Search the material for the word "github" and copy each line that holds it.

- Opening Delimiter -

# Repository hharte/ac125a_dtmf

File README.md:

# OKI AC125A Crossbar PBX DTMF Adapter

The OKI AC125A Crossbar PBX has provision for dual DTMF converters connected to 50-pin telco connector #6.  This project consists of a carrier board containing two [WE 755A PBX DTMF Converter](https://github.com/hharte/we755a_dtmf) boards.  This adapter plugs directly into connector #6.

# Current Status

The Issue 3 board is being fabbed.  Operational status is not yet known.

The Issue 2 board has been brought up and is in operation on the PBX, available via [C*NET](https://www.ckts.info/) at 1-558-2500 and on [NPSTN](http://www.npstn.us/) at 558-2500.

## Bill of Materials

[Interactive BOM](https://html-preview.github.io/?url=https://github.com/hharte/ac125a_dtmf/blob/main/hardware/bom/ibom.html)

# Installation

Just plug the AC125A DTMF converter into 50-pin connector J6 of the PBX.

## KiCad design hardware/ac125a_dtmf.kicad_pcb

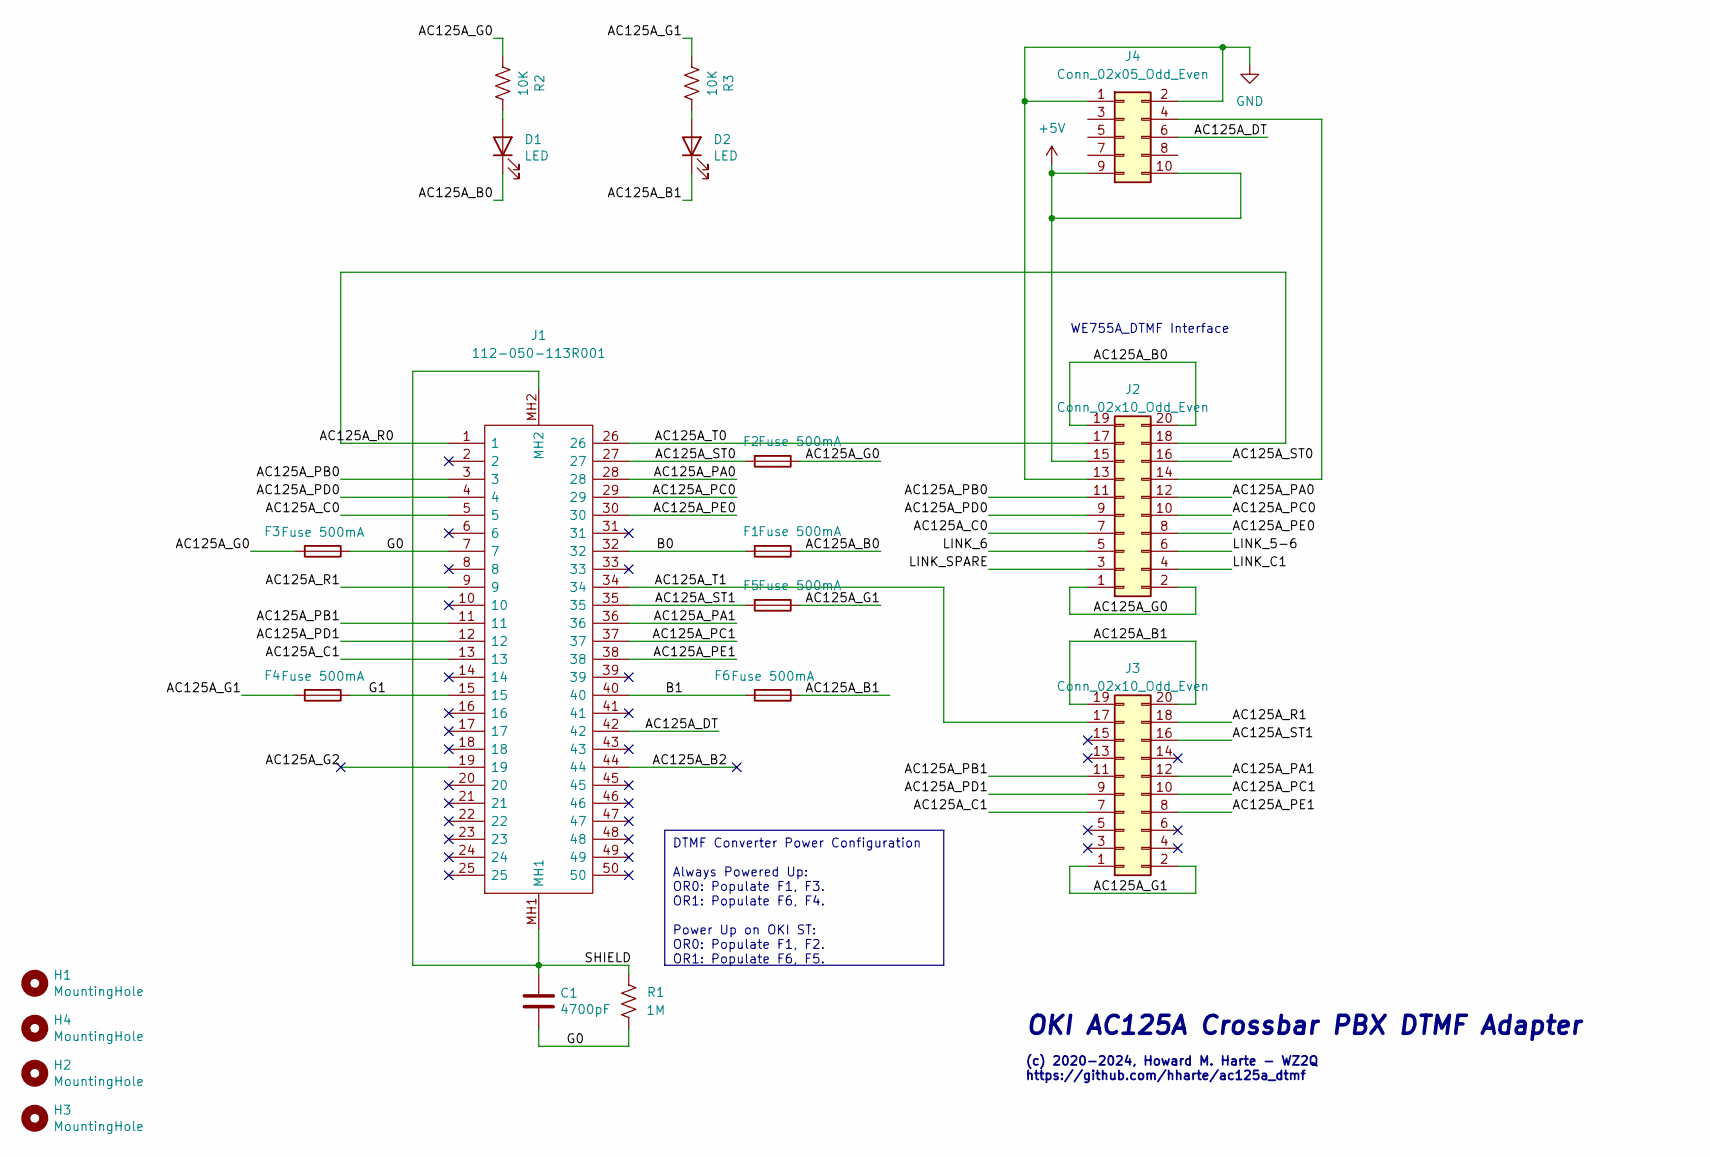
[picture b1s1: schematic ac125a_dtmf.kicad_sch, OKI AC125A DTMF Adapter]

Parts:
C1: 4700pF; C_Disc_D4.3mm_W1.9mm_P5.00mm; MPN S472M39Z5UN63J5R; Digi-Key_PN 1288PH-ND
D1, D2: LED; LED_D5.0mm; MPN XLUR12D; Digi-Key_PN 1497-1031-ND
F1, F2, F3, F4, F5, F6: Fuse 500mA; R_Axial_DIN0207_L6.3mm_D2.5mm_P10.16mm_Horizontal; MPN 0251.500MXL; Digi-Key_PN F2311-ND
H1, H2, H3, H4: MountingHole; MountingHole_2.7mm_Pad
J1: 112-050-113R001; 112050113R001; Mouser Part Number 636-112-050-113R001
J2, J3: Conn_02x10_Odd_Even; WE755A-DTMF; MPN SFH11-PBPC-D10-ST-BK; Digi-Key_PN S9197-ND
J4: Conn_02x05_Odd_Even; PinHeader_2x05_P2.54mm_Vertical; MPN SFH11-PBPC-D05-ST-BK; Digi-Key_PN S9194-ND
R1: 1M; R_Axial_DIN0207_L6.3mm_D2.5mm_P7.62mm_Horizontal; MPN CFM12JT1M00; Digi-Key_PN S1MHCT-ND
R2, R3: 10K; R_Axial_DIN0207_L6.3mm_D2.5mm_P7.62mm_Horizontal; MPN CFM12JT10K0; Digi-Key_PN S10KHCT-ND

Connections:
+5V: J2.15, J4.9, J4.10
/AC125A_B0: D1.1 (K), F1.1, J2.19, J2.20
/AC125A_B1: D2.1 (K), F6.1, J3.19, J3.20
/AC125A_B2: J1.44
/AC125A_C0: J1.5, J2.7
/AC125A_C1: J1.13, J3.7
/AC125A_DT: J1.42, J4.6
/AC125A_G0: F2.1, F3.2, J2.1, J2.2, R2.2
/AC125A_G1: F4.2, F5.1, J3.1, J3.2, R3.2
/AC125A_G2: J1.19
/AC125A_PA0: J1.28, J2.12
/AC125A_PA1: J1.36, J3.12
/AC125A_PB0: J1.3, J2.11
/AC125A_PB1: J1.11, J3.11
/AC125A_PC0: J1.29, J2.10
/AC125A_PC1: J1.37, J3.10
/AC125A_PD0: J1.4, J2.9
/AC125A_PD1: J1.12, J3.9
/AC125A_PE0: J1.30, J2.8
/AC125A_PE1: J1.38, J3.8
/AC125A_R0: J1.1, J2.18
/AC125A_R1: J1.9, J3.18
/AC125A_ST0: F2.2, J1.27, J2.16
/AC125A_ST1: F5.2, J1.35, J3.16
/AC125A_T0: J1.26, J2.17
/AC125A_T1: J1.34, J3.17
/B0: F1.2, J1.32
/B1: F6.2, J1.40
/G0: C1.2, F3.1, J1.7, R1.2
/G1: F4.1, J1.15
/LINK_5-6: J2.6
/LINK_6: J2.5
/LINK_C1: J2.4
/LINK_SPARE: J2.3
/SHIELD: C1.1, J1.MH1, J1.MH2, R1.1
GND: J2.13, J4.1, J4.2
unnamed: D1.2 (A), R2.1
unnamed: D2.2 (A), R3.1
unnamed: J2.14, J4.4

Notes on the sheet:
DTMF Converter Power Configuration Always Powered Up: OR0: Populate F1, F3. OR1: Populate F6, F4. Power Up on OKI ST: OR0: Populate F1, F2. OR1: Populate F6, F5.
OKI AC125A Crossbar PBX DTMF Adapter
WE755A_DTMF Interface
(c) 2020-2024, Howard M. Harte - WZ2Q https://github.com/hharte/ac125a_dtmf

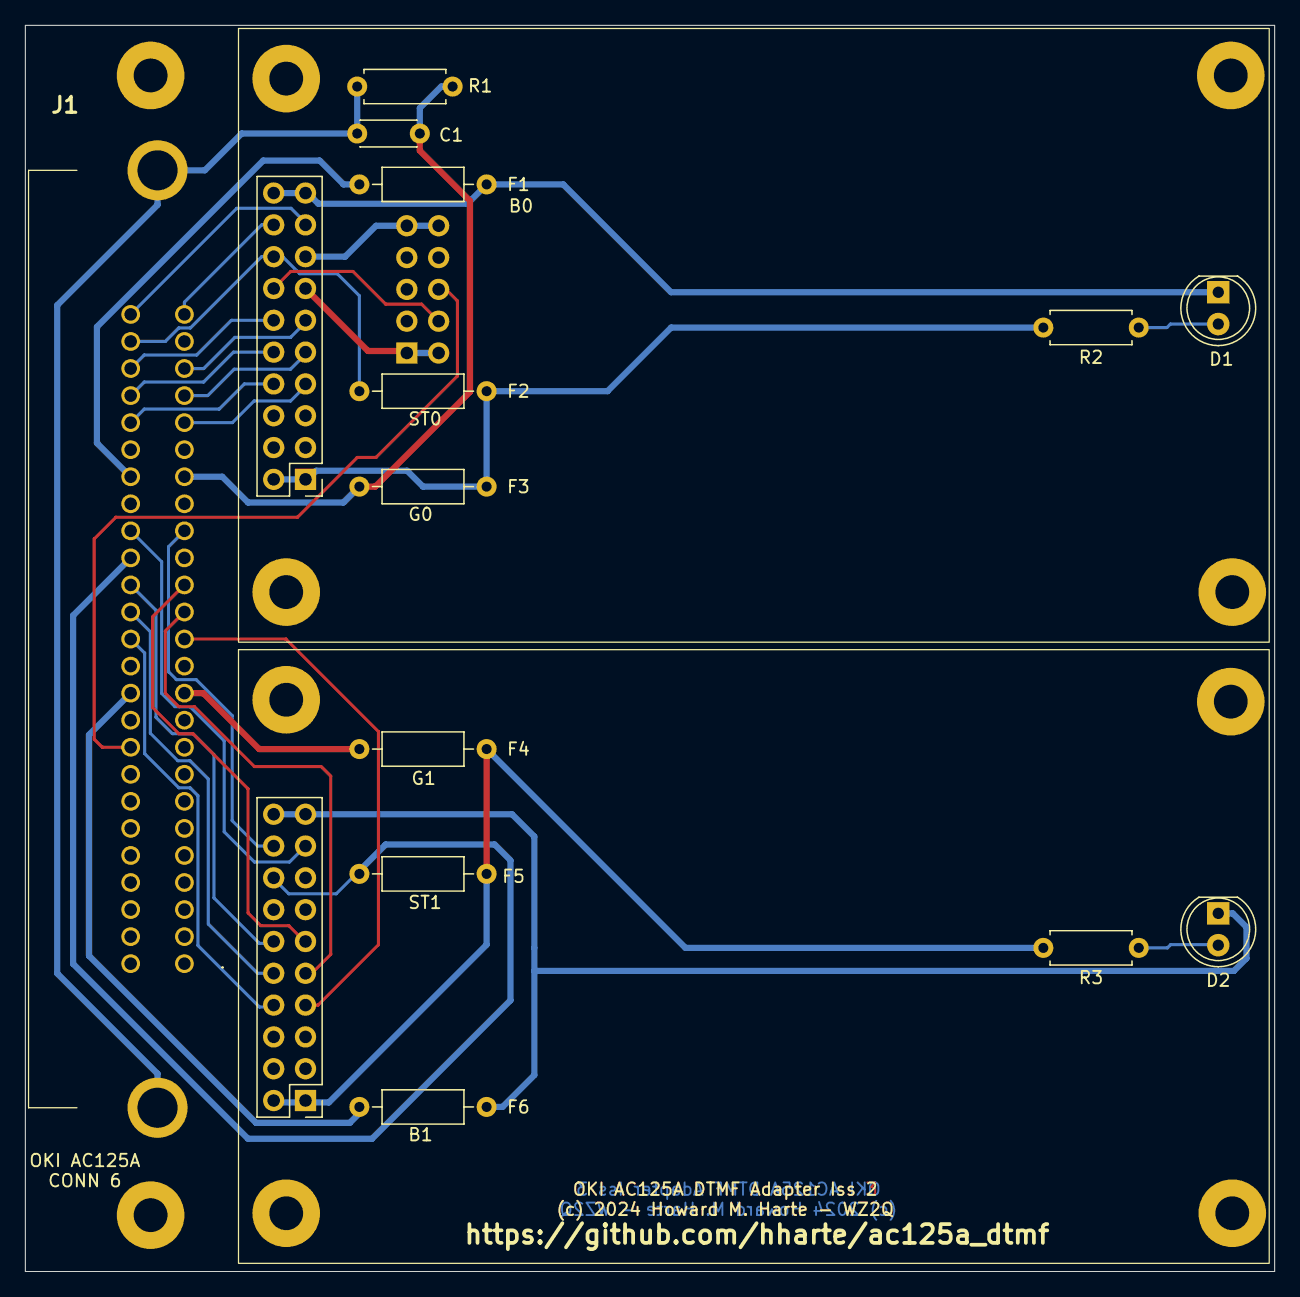
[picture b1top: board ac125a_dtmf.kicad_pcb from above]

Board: 2 copper layers, 99.8 x 99.5 mm, 20 parts (1 on the bottom side), 33 nets.

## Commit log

2020-05-24 Initial Issue 1 board bringup.
    This is not complete, but it is useful for testing
    the hardware.
2020-05-30 AC125A DTMF Converter Issue 1
    Schematic (pdf) and gerber files sent to pcbway.com
2020-05-31 Update schematic for Issue 2.
2020-06-20 Add event buffer to track OR operations.
2020-06-20 Update resistor values for DTMF decoders.
2020-06-27 Final schematic and PCB layout for Issue 2.
    Corrected errors in Issue 1 and fabbed out the PCB.
2020-07-05 Add photos of the Issue 2 PCB.
2022-08-07 Fix a couple DRC errors in the layout.
2024-04-14 Issue 3: Utilize we755a_dtmf boards.
    * Carrier for 2*we755a_dtmf boards.

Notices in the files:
hardware/ac125a_dtmf.kicad_pcb:
(c) 2024 Howard M. Harte - WZ2Q

- Closing Delimiter -

#### Task solution
The OKI AC125A Crossbar PBX has provision for dual DTMF converters connected to 50-pin telco connector #6.  This project consists of a carrier board containing two [WE 755A PBX DTMF Converter](https://github.com/hharte/we755a_dtmf) boards.  This adapter plugs directly into connector #6.
[Interactive BOM](https://html-preview.github.io/?url=https://github.com/hharte/ac125a_dtmf/blob/main/hardware/bom/ibom.html)
(c) 2020-2024, Howard M. Harte - WZ2Q https://github.com/hharte/ac125a_dtmf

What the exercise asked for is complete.